针对希尔伯特-黄变换（Hilbert Huang Transform，HHT）的端点效应问题，提出一种自适应端点相位正弦延拓经验模态分解（Empirical Mode Decomposition，EMD）方法.该方法根据端点附近数据变化趋势，通过在信号两端自适应加上相位、幅值和频率适当的正弦延拓函数，使得原端点的包络线顺着端点附近波形延展，以改进EMD分解精度.为满足EMD内禀模态分量（Intrinsic Mode Function，IMF）与原信号的相关性精度和EMD较低迭代次数的要求，引入能表征EMD性能的目标函数.该函数可通过迭代次数、IMF个数和有效IMF的相关系数大小等来衡量.由于该方法的边界延拓参数是根据延拓周期比例系数、延拓信号长度系数和采样频率自动确定的，故其分解过程完全是一个自适应过程，不需要人为设置，具有较好的实用性.仿真和液压系统实例分析表明，该方法不仅能较好地解决HHT的端点效应，而且相对现有的延拓方法而言，筛选次数更少，能显著提高信号EMD分解精度，且减小Hilbert谱的端点效应，更加精确地提取了液压系统齿轮泵振动信号的故障特征，取得了较好的应用效果.

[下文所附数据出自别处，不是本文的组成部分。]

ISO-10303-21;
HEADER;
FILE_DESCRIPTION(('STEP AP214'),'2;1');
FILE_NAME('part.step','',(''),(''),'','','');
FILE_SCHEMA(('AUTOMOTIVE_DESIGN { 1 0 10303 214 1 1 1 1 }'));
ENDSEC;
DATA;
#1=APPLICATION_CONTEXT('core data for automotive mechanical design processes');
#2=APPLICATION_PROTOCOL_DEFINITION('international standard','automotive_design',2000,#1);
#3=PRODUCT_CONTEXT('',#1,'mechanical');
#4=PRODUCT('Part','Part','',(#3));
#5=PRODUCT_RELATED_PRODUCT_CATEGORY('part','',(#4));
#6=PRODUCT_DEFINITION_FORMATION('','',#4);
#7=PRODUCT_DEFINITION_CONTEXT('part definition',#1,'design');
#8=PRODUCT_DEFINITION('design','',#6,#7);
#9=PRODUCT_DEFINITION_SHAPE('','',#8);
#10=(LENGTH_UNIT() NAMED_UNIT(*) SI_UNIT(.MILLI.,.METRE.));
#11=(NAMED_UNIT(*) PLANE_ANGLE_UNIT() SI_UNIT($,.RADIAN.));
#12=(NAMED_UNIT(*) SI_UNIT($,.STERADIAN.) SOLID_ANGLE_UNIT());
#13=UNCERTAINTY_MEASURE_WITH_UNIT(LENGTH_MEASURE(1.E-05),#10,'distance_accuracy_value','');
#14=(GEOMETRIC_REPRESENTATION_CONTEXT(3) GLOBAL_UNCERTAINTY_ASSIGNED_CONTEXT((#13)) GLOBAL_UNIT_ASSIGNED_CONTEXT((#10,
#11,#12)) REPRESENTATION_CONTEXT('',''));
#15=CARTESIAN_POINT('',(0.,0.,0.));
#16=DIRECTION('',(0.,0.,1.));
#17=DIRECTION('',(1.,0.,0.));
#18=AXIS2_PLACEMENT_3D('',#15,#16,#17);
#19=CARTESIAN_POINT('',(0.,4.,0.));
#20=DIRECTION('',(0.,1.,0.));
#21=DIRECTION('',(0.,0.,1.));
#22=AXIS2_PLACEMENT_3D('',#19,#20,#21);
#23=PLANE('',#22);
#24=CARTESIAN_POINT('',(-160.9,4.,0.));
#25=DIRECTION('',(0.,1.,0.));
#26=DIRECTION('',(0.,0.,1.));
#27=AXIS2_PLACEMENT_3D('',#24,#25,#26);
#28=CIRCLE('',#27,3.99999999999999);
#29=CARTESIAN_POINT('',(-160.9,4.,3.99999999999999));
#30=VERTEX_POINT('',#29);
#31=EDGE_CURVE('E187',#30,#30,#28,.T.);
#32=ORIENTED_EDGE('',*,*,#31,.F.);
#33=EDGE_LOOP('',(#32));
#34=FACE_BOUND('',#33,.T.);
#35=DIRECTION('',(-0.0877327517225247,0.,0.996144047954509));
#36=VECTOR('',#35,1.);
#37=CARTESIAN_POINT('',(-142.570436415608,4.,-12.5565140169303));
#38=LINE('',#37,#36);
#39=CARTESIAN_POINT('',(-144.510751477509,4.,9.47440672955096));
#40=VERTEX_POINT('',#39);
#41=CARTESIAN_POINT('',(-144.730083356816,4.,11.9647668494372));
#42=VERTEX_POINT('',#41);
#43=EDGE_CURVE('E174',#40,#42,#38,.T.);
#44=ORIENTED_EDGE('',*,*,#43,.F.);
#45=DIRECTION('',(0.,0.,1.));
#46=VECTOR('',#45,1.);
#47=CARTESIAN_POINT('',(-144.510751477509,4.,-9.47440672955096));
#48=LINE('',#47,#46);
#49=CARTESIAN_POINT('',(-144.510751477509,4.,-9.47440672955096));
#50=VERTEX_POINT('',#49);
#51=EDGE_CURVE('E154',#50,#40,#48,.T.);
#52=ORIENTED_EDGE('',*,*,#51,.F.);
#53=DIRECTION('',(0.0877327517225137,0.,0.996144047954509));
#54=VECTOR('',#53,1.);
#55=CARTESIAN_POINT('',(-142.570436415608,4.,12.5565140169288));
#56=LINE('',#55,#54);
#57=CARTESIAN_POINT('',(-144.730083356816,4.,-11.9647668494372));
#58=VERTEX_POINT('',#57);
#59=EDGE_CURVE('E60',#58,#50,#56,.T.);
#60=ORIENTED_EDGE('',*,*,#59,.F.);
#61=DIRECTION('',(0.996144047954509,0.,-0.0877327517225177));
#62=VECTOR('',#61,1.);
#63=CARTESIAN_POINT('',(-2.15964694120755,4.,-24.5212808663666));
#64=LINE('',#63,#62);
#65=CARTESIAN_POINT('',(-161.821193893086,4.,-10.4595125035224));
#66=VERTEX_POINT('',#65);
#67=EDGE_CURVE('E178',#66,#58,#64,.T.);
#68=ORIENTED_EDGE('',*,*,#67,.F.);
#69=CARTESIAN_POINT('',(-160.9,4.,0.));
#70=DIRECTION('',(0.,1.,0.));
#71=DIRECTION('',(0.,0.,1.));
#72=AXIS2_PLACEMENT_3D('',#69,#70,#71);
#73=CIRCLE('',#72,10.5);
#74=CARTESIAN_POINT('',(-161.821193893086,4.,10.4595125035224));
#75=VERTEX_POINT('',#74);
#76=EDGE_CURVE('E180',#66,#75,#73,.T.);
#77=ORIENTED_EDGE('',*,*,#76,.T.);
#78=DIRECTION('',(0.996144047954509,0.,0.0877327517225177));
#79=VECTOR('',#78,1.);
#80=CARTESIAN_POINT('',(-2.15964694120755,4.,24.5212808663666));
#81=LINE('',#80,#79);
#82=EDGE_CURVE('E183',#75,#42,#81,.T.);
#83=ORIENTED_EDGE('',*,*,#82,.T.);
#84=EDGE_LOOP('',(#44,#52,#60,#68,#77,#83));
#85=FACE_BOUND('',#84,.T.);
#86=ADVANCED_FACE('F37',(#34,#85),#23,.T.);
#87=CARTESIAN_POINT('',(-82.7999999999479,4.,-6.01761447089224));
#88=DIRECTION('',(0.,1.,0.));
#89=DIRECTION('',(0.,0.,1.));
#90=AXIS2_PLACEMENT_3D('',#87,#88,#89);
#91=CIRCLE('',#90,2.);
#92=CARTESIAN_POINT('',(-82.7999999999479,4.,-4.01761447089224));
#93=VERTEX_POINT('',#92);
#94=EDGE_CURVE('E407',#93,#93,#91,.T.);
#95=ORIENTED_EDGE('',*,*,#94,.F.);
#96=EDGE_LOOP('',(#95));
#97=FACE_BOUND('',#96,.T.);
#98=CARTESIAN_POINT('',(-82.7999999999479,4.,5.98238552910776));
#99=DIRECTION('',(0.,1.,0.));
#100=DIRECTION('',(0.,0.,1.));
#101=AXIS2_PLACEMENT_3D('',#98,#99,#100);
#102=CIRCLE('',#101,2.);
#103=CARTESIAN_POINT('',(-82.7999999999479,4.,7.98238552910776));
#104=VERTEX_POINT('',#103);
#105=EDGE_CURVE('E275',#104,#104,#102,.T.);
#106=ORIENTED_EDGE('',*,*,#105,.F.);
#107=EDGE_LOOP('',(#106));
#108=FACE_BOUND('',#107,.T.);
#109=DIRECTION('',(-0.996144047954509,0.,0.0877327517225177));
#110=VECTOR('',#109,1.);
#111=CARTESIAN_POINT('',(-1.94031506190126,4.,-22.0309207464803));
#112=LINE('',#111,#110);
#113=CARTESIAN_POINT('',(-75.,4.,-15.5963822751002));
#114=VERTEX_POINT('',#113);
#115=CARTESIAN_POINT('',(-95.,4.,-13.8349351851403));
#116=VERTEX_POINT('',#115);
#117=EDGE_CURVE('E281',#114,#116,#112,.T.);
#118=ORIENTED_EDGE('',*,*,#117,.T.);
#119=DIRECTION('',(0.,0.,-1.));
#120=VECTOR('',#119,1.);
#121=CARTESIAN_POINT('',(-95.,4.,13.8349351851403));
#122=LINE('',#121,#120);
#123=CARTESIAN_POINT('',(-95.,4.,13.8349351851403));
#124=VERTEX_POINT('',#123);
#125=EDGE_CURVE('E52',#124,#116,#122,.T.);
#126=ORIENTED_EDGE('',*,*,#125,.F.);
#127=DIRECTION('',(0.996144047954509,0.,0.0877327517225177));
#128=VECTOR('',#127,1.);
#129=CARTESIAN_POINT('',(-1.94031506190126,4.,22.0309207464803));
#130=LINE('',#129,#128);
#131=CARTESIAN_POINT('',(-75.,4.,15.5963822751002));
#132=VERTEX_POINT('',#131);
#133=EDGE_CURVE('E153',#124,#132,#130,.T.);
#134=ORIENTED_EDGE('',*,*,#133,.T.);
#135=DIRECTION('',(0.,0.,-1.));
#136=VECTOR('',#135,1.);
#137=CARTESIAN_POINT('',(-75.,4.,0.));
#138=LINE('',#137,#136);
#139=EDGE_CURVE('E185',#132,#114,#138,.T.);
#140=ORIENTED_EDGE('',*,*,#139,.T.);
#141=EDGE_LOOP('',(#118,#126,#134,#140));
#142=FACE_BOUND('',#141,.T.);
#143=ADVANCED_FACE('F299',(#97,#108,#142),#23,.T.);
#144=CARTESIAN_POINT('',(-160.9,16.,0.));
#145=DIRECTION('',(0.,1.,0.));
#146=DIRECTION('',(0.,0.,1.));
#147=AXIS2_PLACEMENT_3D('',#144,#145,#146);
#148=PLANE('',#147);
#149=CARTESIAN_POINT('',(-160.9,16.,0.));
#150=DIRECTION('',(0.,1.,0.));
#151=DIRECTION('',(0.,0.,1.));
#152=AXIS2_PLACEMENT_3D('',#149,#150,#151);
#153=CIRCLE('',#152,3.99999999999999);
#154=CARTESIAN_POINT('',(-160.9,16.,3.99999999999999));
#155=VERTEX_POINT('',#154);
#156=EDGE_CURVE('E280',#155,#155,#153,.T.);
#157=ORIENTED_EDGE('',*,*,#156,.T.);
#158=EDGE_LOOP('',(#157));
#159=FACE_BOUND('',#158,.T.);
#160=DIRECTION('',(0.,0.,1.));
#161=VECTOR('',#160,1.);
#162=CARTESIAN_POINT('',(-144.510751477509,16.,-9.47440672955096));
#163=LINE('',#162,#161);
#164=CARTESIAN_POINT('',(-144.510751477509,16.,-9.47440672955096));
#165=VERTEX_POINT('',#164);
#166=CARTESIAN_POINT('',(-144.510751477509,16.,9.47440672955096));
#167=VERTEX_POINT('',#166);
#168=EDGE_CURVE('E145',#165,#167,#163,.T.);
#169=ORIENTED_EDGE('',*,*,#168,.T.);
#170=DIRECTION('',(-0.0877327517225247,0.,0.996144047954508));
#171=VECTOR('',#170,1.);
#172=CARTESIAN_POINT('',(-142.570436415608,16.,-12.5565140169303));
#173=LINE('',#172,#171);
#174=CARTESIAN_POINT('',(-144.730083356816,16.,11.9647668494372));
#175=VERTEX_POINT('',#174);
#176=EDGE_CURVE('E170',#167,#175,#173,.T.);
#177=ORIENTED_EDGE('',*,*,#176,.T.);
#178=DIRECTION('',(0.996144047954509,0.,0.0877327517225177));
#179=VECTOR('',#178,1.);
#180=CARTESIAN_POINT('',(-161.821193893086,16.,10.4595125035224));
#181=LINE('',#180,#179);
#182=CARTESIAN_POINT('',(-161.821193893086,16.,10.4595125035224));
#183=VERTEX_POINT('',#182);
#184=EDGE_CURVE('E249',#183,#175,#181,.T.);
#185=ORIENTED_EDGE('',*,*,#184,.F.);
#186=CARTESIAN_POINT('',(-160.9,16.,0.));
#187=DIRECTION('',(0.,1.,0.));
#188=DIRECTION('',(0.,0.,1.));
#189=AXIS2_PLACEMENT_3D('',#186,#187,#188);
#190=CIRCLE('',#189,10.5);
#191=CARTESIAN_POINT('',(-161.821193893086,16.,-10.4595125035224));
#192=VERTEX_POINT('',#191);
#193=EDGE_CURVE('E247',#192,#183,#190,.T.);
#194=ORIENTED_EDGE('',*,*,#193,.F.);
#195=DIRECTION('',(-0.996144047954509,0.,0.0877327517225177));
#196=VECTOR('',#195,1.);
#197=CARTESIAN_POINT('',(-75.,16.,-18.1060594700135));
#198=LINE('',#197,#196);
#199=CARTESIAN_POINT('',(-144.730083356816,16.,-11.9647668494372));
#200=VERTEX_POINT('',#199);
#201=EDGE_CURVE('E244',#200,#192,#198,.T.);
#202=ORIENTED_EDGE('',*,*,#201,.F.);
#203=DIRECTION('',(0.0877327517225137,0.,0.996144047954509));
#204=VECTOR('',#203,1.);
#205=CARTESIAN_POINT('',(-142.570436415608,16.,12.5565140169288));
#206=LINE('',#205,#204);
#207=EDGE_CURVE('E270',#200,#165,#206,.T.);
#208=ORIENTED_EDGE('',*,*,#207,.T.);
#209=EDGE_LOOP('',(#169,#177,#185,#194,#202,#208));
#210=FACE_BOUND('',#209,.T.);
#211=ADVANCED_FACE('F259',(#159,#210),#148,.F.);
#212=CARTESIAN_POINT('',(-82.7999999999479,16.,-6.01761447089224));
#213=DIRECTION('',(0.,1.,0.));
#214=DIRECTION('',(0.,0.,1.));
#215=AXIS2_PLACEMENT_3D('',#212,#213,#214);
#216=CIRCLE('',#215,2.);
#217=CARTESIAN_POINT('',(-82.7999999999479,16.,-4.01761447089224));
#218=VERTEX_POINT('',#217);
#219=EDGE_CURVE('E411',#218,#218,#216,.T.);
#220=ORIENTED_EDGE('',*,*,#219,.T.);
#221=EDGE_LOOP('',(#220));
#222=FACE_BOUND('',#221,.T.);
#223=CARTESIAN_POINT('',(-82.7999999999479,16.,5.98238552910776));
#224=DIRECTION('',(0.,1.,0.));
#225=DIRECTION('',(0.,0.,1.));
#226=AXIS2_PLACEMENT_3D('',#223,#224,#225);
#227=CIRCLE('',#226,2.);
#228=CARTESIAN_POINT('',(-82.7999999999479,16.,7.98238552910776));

Processing Method for Hilbert-Huang Transform End Effects Self-Adaptive Endpoint-Phase Sinusoidal Extension

For the Hilbert-Huang Transform(HHT) endpoint effect problem, a self-adaptive method of endpoint-phase sinusoidal extension was presented. This method adaptively adds sinusoidal extension function of phase, amplitude and frequency to improve decomposition precision according to the data trend near the end. Then the object function to represent empirical mode decomposition(EMD) performance was introduced to satisfy the pertinence precision between intrinsic mode function(IMF) and original signal and low iterations of EMD. The boundary extension parameter decomposition is an adaptive process with better practicability. The simulation and example of hydraulic system show that this approach can not only solve HHT end effect, but also improve EMD decomposition precision with less filtration and reduce Hilbert spectrum end effect. Finally, it can extract the fault characteristics of gear pump vibration signal and get a good application effect.